[Data under study]:
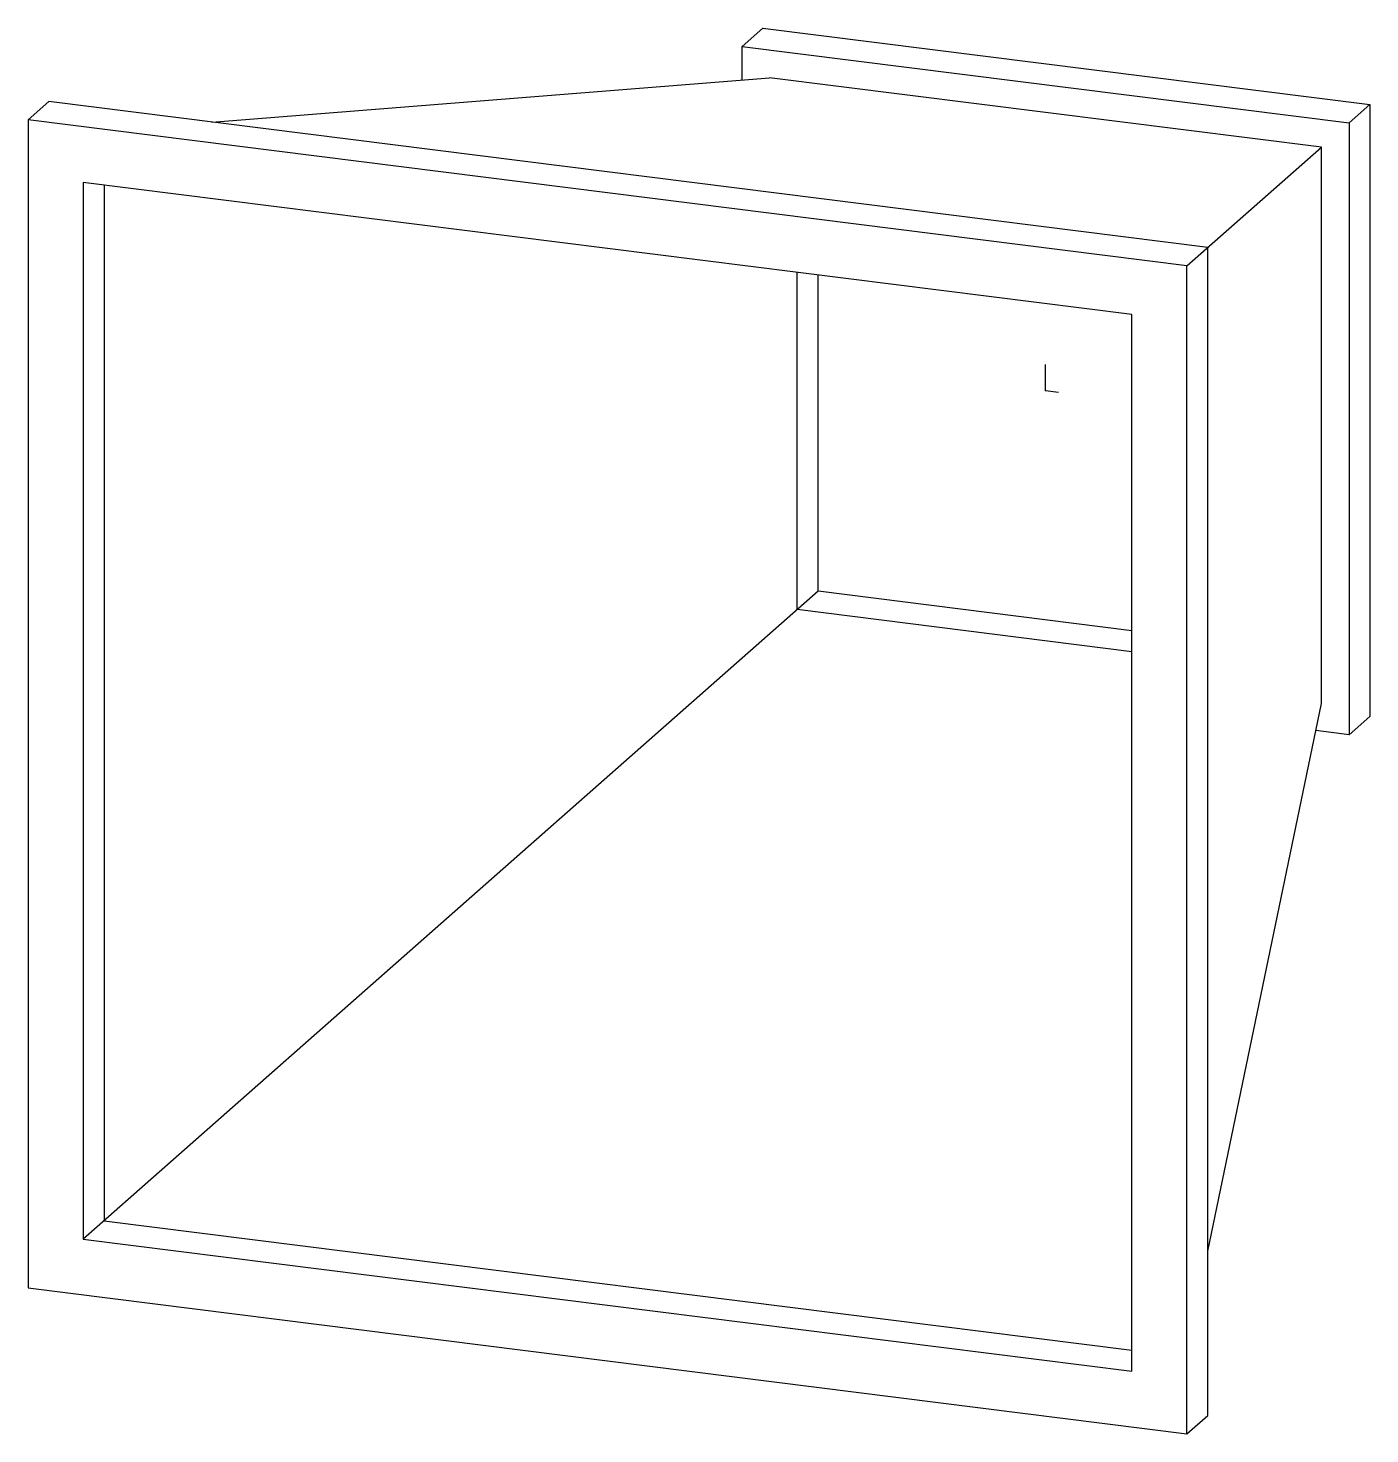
# Paper-space layout '_Dimetric' of a CAD drawing. Header units: inches. Extents: x -17.2 to 5.5, y -17.7 to 6.1.
import ezdxf

# ---------------------------------------------------------------- set-up
doc = ezdxf.new("R2010")
doc.units = ezdxf.units.IN
doc.header["$MEASUREMENT"] = 0
doc.header["$PDSIZE"] = -1

psp = doc.layouts.new('_Dimetric')

# ---------------------------------------------------------------- linework, layer by layer
at = {"color": 7, "linetype": 'Continuous', "lineweight": 25}
for p, q in [((-4.791, 6.145), (-5.145, 5.834)), ((-4.791, 6.145), (5.498, 4.849)), ((-5.145, 5.266), (-5.145, 5.834)), ((-5.145, 5.834), (5.145, 4.537)), ((-14.13, 4.553), (-4.677, 5.303)), ((4.677, 4.125), (-4.677, 5.303)), ((-17.246, 4.589), (-16.893, 4.901)), ((2.751, 2.426), (-16.893, 4.901)), ((5.498, 4.849), (5.145, 4.537)), ((5.498, 4.849), (5.498, -5.522)), ((-17.246, 4.589), (-17.246, -15.21)), ((2.397, 2.114), (-17.246, 4.589)), ((5.145, 4.537), (5.145, -5.834)), ((2.397, 2.114), (4.677, 4.125)), ((4.677, -5.303), (4.677, 4.125)), ((-16.311, 3.528), (-16.311, -14.385)), ((1.462, 1.289), (-16.311, 3.528)), ((-15.958, 3.484), (-15.958, -14.073)), ((2.751, -17.373), (2.751, 2.426)), ((-4.209, -3.712), (-4.209, 2.004)), ((-3.856, -3.401), (-3.856, 1.959)), ((2.397, -17.685), (2.397, 2.114)), ((1.462, -16.624), (1.462, 1.289)), ((-3.856, -3.401), (-16.311, -14.385)), ((1.462, -4.07), (-3.856, -3.401)), ((1.462, -4.427), (-4.209, -3.712)), ((2.751, -14.588), (4.677, -5.303)), ((5.498, -5.522), (5.145, -5.834)), ((5.145, -5.834), (4.582, -5.763)), ((-15.958, -14.073), (1.462, -16.268)), ((-16.311, -14.385), (1.462, -16.624)), ((-17.246, -15.21), (2.397, -17.685)), ((2.397, -17.685), (2.751, -17.373))]:
    psp.add_line(p, q, dxfattribs=at)
at = {"color": 7, "linetype": 'Continuous'}
for q in [(0, 0.443), (0.22, -0.028)]:
    psp.add_line((0, 0), q, dxfattribs=at)
psp.add_point((0, 0), dxfattribs=at)

doc.saveas('drawing.dxf')

[Directions]:
From the material above, print everything exactly except the pictures.

[Solution for this exercise]:
# Paper-space layout '_Dimetric' of a CAD drawing. Header units: inches. Extents: x -17.2 to 5.5, y -17.7 to 6.1.
import ezdxf

# ---------------------------------------------------------------- set-up
doc = ezdxf.new("R2010")
doc.units = ezdxf.units.IN
doc.header["$MEASUREMENT"] = 0
doc.header["$PDSIZE"] = -1

psp = doc.layouts.new('_Dimetric')

# ---------------------------------------------------------------- linework, layer by layer
at = {"color": 7, "linetype": 'Continuous', "lineweight": 25}
for p, q in [((-4.791, 6.145), (-5.145, 5.834)), ((-4.791, 6.145), (5.498, 4.849)), ((-5.145, 5.266), (-5.145, 5.834)), ((-5.145, 5.834), (5.145, 4.537)), ((-14.13, 4.553), (-4.677, 5.303)), ((4.677, 4.125), (-4.677, 5.303)), ((-17.246, 4.589), (-16.893, 4.901)), ((2.751, 2.426), (-16.893, 4.901)), ((5.498, 4.849), (5.145, 4.537)), ((5.498, 4.849), (5.498, -5.522)), ((-17.246, 4.589), (-17.246, -15.21)), ((2.397, 2.114), (-17.246, 4.589)), ((5.145, 4.537), (5.145, -5.834)), ((2.397, 2.114), (4.677, 4.125)), ((4.677, -5.303), (4.677, 4.125)), ((-16.311, 3.528), (-16.311, -14.385)), ((1.462, 1.289), (-16.311, 3.528)), ((-15.958, 3.484), (-15.958, -14.073)), ((2.751, -17.373), (2.751, 2.426)), ((-4.209, -3.712), (-4.209, 2.004)), ((-3.856, -3.401), (-3.856, 1.959)), ((2.397, -17.685), (2.397, 2.114)), ((1.462, -16.624), (1.462, 1.289)), ((-3.856, -3.401), (-16.311, -14.385)), ((1.462, -4.07), (-3.856, -3.401)), ((1.462, -4.427), (-4.209, -3.712)), ((2.751, -14.588), (4.677, -5.303)), ((5.498, -5.522), (5.145, -5.834)), ((5.145, -5.834), (4.582, -5.763)), ((-15.958, -14.073), (1.462, -16.268)), ((-16.311, -14.385), (1.462, -16.624)), ((-17.246, -15.21), (2.397, -17.685)), ((2.397, -17.685), (2.751, -17.373))]:
    psp.add_line(p, q, dxfattribs=at)
at = {"color": 7, "linetype": 'Continuous'}
for q in [(0, 0.443), (0.22, -0.028)]:
    psp.add_line((0, 0), q, dxfattribs=at)
psp.add_point((0, 0), dxfattribs=at)

doc.saveas('drawing.dxf')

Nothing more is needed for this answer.